● Task objective
For each line below that includes the string "Value", show the whole line.

● Information given
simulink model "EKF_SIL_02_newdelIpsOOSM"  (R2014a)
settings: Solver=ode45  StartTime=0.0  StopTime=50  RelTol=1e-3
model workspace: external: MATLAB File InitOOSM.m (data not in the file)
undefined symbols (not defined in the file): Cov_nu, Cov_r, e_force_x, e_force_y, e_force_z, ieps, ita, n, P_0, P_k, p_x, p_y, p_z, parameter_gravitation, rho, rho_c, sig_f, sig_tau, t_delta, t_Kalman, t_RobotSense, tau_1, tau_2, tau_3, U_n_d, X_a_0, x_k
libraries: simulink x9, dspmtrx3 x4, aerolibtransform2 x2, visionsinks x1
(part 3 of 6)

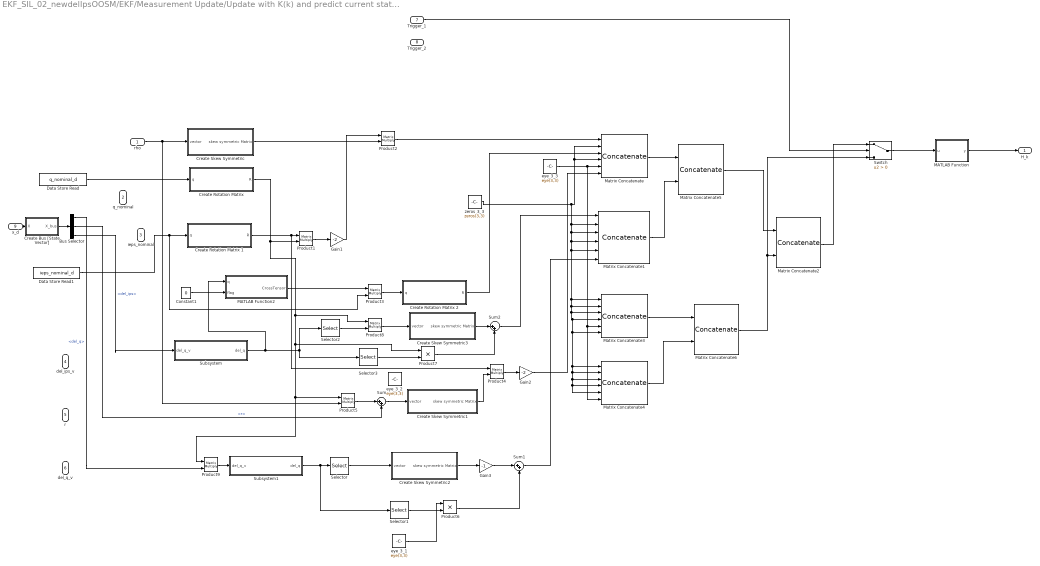
== system EKF_SIL_02_newdelIpsOOSM/EKF/Measurement Update/Update with K(k) and predict current state/Create H_k ==
  rho : Inport
  q_nominal : Inport  Port=2
  ieps_nominal : Inport  Port=3
  del_ips_v : Inport  Port=4
  r : Inport  Port=5
  del_q_v : Inport  Port=6
  Trigger_1 : Inport  Port=7
  Trigger_2 : Inport  Port=8
  x_d : Inport  Port=9
  Bus Selector : BusSelector  OutputSignals=del_q,r,del_ips
  Constant1 : Constant  Value=0
  Create Bus [State Vector] : Subsystem
  "Create Rotation Matrix " : Subsystem
  Create Rotation Matrix 1 : Subsystem
  Create Rotation Matrix 2 : Subsystem
  Create Skew Symmetric : Subsystem
  Create Skew Symmetric1 : Subsystem
  Create Skew Symmetric2 : Subsystem
  Create Skew Symmetric3 : Subsystem
  Data Store Read : DataStoreRead  DataStoreName=q_nominal_d
  Data Store Read1 : DataStoreRead  DataStoreName=ieps_nominal_d
  Gain1 : Gain  Gain=-2
  Gain2 : Gain  Gain=-2
  Gain3 : Gain  Gain=-1
  MATLAB Function : MATLAB Function  TreatAsAtomicUnit=on
      settings: PermitHierarchicalResolution=ParametersOnly
  MATLAB Function2 : MATLAB Function  TreatAsAtomicUnit=on
      settings: PermitHierarchicalResolution=ParametersOnly
  Matrix Concatenate{,1,3..4} (4 alike) : Concatenate  NumInputs=6  Mode=Multidimensional array  ConcatenateDimension=2
  Matrix Concatenate2 : Concatenate  Mode=Multidimensional array
  Matrix Concatenate5 : Concatenate  Mode=Multidimensional array
  Matrix Concatenate6 : Concatenate  Mode=Multidimensional array
  Product{1..5,8..9} (7 alike) : Product  Multiplication=Matrix(*)
  Product6 : Product
  Product7 : Product
  Selector : Selector  InputPortWidth=4  Indices=[1:3]
  Selector1 : Selector  InputPortWidth=4  Indices=4
  Selector2 : Selector  InputPortWidth=4  Indices=[1:3]
  Selector3 : Selector  InputPortWidth=4  Indices=4
  Subsystem : Subsystem
  Subsystem1 : Subsystem
  Sum : Sum  Inputs=|++
  Sum1 : Sum  Inputs=|++
  Sum2 : Sum  Inputs=|++
  Switch : Switch  Criteria=u2 > Threshold  AllowDiffInputSizes=on
  eye_3_1 : Constant  Value=eye(3,3)
  eye_3_2 : Constant  Value=eye(3,3)
  eye_3_3 : Constant  Value=eye(3,3)
  zeros_3_3 : Constant  Value=zeros(3,3)
  H_k : Outport
  wires:
  Data Store Read/1 -> "Create Rotation Matrix "/1(q)
  Switch/1 -> MATLAB Function/1(u)
  eye_3_3/1 -> Matrix Concatenate4/6, Matrix Concatenate3/5, Matrix Concatenate/5
  Create Skew Symmetric/1(skew symmetric Matrix) -> Product2/2
  rho/1 -> Product5/2, Create Skew Symmetric/1(vector)
  Create Rotation Matrix 1/1(R) -> Product4/1, Product1/1
  Product1/1 -> Gain1/1
  Gain1/1 -> Product2/1
  Product2/1 -> Matrix Concatenate/1
  Bus Selector/3 -> Subsystem/1(del_q_v)  "<del_ips>"
  Constant1/1 -> MATLAB Function2/2(flag)
  MATLAB Function2/1(CrossTensor) -> Product3/1
  Data Store Read1/1 -> Product3/2, Create Rotation Matrix 1/1(q)
  Create Rotation Matrix 2/1(R) -> Matrix Concatenate/3
  "Create Rotation Matrix "/1(R) -> Product7/1, Product9/1, Product5/1, Product8/1, Product1/2
  Product5/1 -> Sum/1
  Bus Selector/2 -> Sum/2  "<r>"
  Gain2/1 -> Matrix Concatenate/6
  Subsystem1/1(del_q) -> Selector1/1, Selector/1
  Selector/1 -> Create Skew Symmetric2/1(vector)
  Create Skew Symmetric2/1(skew symmetric Matrix) -> Gain3/1
  Selector1/1 -> Product6/2
  eye_3_1/1 -> Product6/1
  Gain3/1 -> Sum1/1
  Product6/1 -> Sum1/2
  Sum1/1 -> Matrix Concatenate1/6
  Selector2/1 -> Product8/2
  Create Skew Symmetric3/1(skew symmetric Matrix) -> Sum2/1
  Selector3/1 -> Product7/2
  Product7/1 -> Sum2/2
  Sum2/1 -> Matrix Concatenate1/1
  Sum/1 -> Create Skew Symmetric1/1(vector)
  Create Skew Symmetric1/1(skew symmetric Matrix) -> Product4/2
  Product3/1 -> Create Rotation Matrix 2/1(q)
  zeros_3_3/1 -> Matrix Concatenate3/6, Matrix Concatenate4/1, Matrix Concatenate4/5, Matrix Concatenate4/4, Matrix Concatenate4/3, Matrix Concatenate4/2, Matrix Concatenate3/4, Matrix Concatenate3/3, Matrix Concatenate3/2, Matrix Concatenate3/1, Matrix Concatenate1/5, Matrix Concatenate1/4, Matrix Concatenate1/3, Matrix Concatenate1/2, Matrix Concatenate/4, Matrix Concatenate/2
  Matrix Concatenate1/1 -> Matrix Concatenate5/2
  Matrix Concatenate4/1 -> Matrix Concatenate6/2
  Subsystem/1(del_q) -> MATLAB Function2/1(q), Selector2/1, Selector3/1
  Bus Selector/1 -> Product9/2  "<del_q>"
  Product9/1 -> Subsystem1/1(del_q_v)
  Product8/1 -> Create Skew Symmetric3/1(vector)
  Product4/1 -> Gain2/1
  Matrix Concatenate/1 -> Matrix Concatenate5/1
  Matrix Concatenate3/1 -> Matrix Concatenate6/1
  Trigger_1/1 -> Switch/2
  Matrix Concatenate5/1 -> Matrix Concatenate2/1
  Matrix Concatenate6/1 -> Switch/3, Matrix Concatenate2/2
  Matrix Concatenate2/1 -> Switch/1
  MATLAB Function/1(y) -> H_k/1
  Create Bus [State Vector]/1(X_bus) -> Bus Selector/1
  x_d/1 -> Create Bus [State Vector]/1(X)

== system EKF_SIL_02_newdelIpsOOSM/EKF/Measurement Update/Update with K(k) and predict current state/Create S_k ==
  ita_nominal : Inport
  trig_1 : Inport  Port=2
  trig_2 : Inport  Port=3
  q_nominal : Inport  Port=4
  cov_r : Inport  Port=5
  cov_nu : Inport  Port=6
  Constant : Constant  Value=1e-4*eye(6,6)
  Constant1 : Constant  Value=zeros(6,6)
  Data Store Read : DataStoreRead  DataStoreName=q_nominal_d
  Matrix Concatenate1 : Concatenate  Mode=Multidimensional array
  Matrix Concatenate5 : Concatenate  Mode=Multidimensional array  ConcatenateDimension=2
  Matrix Concatenate6 : Concatenate  Mode=Multidimensional array  ConcatenateDimension=2
  Measurement noise covariance : MATLAB Function  TreatAsAtomicUnit=on
      settings: PermitHierarchicalResolution=ParametersOnly
  Switch : Switch  Criteria=u2 > Threshold  AllowDiffInputSizes=on
  S_k : Outport
  wires:
  ita_nominal/1 -> Measurement noise covariance/2(ita_nominal)
  cov_nu/1 -> Measurement noise covariance/4(cov_nu)
  cov_r/1 -> Measurement noise covariance/3(cov_r)
  Measurement noise covariance/1(S) -> Matrix Concatenate5/1, Switch/3
  trig_1/1 -> Switch/2
  Constant1/1 -> Matrix Concatenate6/1, Matrix Concatenate5/2
  Constant/1 -> Matrix Concatenate6/2
  Switch/1 -> S_k/1
  Matrix Concatenate1/1 -> Switch/1
  Matrix Concatenate5/1 -> Matrix Concatenate1/1
  Matrix Concatenate6/1 -> Matrix Concatenate1/2
  Data Store Read/1 -> Measurement noise covariance/1(q_nominal)

== system EKF_SIL_02_newdelIpsOOSM/EKF/Measurement Update/Update with K(k) and predict current state/Create X_a from X ==
  q_nominal : Inport
  X : Inport  Port=2
  ieps_nominal : Inport  Port=3
  Bus Creator1 : BusCreator
  Bus Creator2 : BusCreator  Inputs=6
  Bus Creator3 : BusCreator
  Bus Selector2 : BusSelector  OutputSignals=del_q,del_ips
  Bus Selector3 : BusSelector  OutputSignals=omega,r,r_dot,rho_c
  Create Bus [State Vector] : Subsystem
  "Create q_nominal " : Subsystem
  Create q_nominal 1 : Subsystem
  Demux : Demux
  Demux1 : Demux
  Display2 : Display
  Signal Conversion : SignalConversion
  X_a(k+1) : Outport
  X_a(internal) : Outport  Port=2
  "X(reduced) " : Outport  Port=3
  wires:
  Bus Selector3/3 -> Bus Creator2/4  "<r_dot>"
  Demux/1 -> Bus Creator3/1  "q_est_1"
  Bus Selector3/2 -> Bus Creator2/3  "<r>"
  Bus Creator3/1 -> Bus Creator2/1  "q_est"
  Create Bus [State Vector]/1(X_bus) -> "X(reduced) "/1, Bus Selector3/1, Bus Selector2/1
  X/1 -> Create Bus [State Vector]/1(X)
  Bus Selector3/1 -> Bus Creator2/2  "<omega>"
  Demux/2 -> Bus Creator3/2  "q_est_2"
  Demux/4 -> Bus Creator3/4  "q_est_0"
  Demux/3 -> Bus Creator3/3  "q_est_3"
  Bus Selector2/1 -> "Create q_nominal "/1(del_q)  "<del_q>"
  q_nominal/1 -> "Create q_nominal "/2(q_nominal)
  "Create q_nominal "/1(q_est) -> Demux/1
  Bus Creator2/1 -> Signal Conversion/1, X_a(internal)/1
  Bus Selector2/2 -> Create q_nominal 1/1(del_q)  "<del_ips>"
  ieps_nominal/1 -> Create q_nominal 1/2(q_nominal)
  Bus Selector3/4 -> Bus Creator2/5  "<rho_c>"
  Demux1/1 -> Bus Creator1/1  "ieps_est_1"
  Bus Creator1/1 -> Bus Creator2/6  "ieps_est"
  Demux1/2 -> Bus Creator1/2  "ieps_est_2"
  Demux1/4 -> Bus Creator1/4  "ieps_est_0"
  Demux1/3 -> Bus Creator1/3  "ieps_est_3"
  Create q_nominal 1/1(q_est) -> Display2/1, Demux1/1
  Signal Conversion/1 -> X_a(k+1)/1

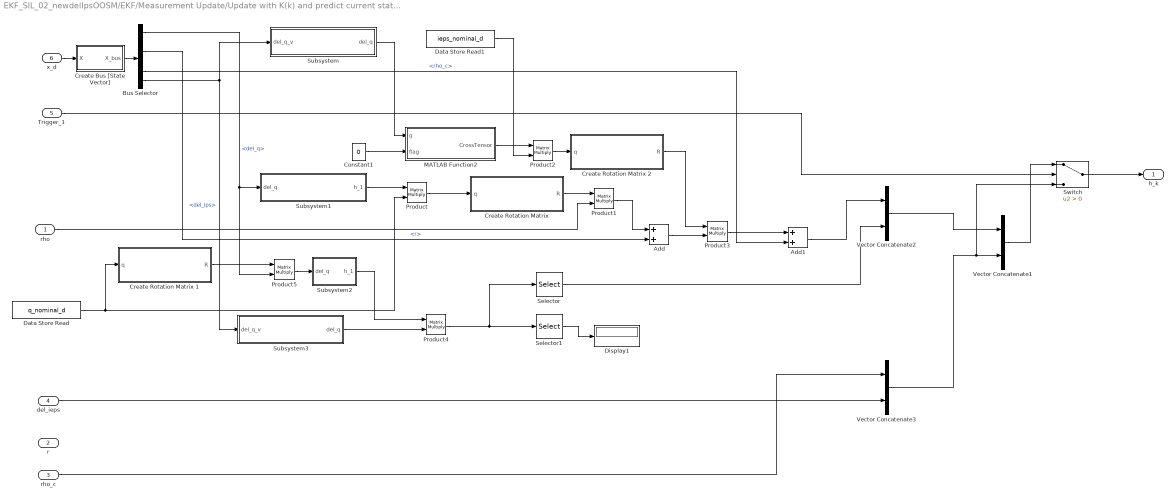
== system EKF_SIL_02_newdelIpsOOSM/EKF/Measurement Update/Update with K(k) and predict current state/Create h ==
  rho : Inport
  r : Inport  Port=2
  rho_c : Inport  Port=3
  "del_ieps " : Inport  Port=4
  Trigger_1 : Inport  Port=5
  x_d : Inport  Port=6
  Add : Sum
  Add1 : Sum
  Bus Selector : BusSelector  OutputSignals=del_q,omega,r,r_dot,rho_c,del_ips
  Constant1 : Constant  Value=0
  Create Bus [State Vector] : Subsystem
  "Create Rotation Matrix " : Subsystem
  Create Rotation Matrix 1 : Subsystem
  Create Rotation Matrix 2 : Subsystem
  Data Store Read : DataStoreRead  DataStoreName=q_nominal_d
  Data Store Read1 : DataStoreRead  DataStoreName=ieps_nominal_d
  Display1 : Display
  MATLAB Function2 : MATLAB Function  TreatAsAtomicUnit=on
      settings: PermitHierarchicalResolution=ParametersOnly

● Exercise answer
  Constant1 : Constant  Value=0
  eye_3_1 : Constant  Value=eye(3,3)
  eye_3_2 : Constant  Value=eye(3,3)
  eye_3_3 : Constant  Value=eye(3,3)
  zeros_3_3 : Constant  Value=zeros(3,3)
  Constant : Constant  Value=1e-4*eye(6,6)
  Constant1 : Constant  Value=zeros(6,6)
  Constant1 : Constant  Value=0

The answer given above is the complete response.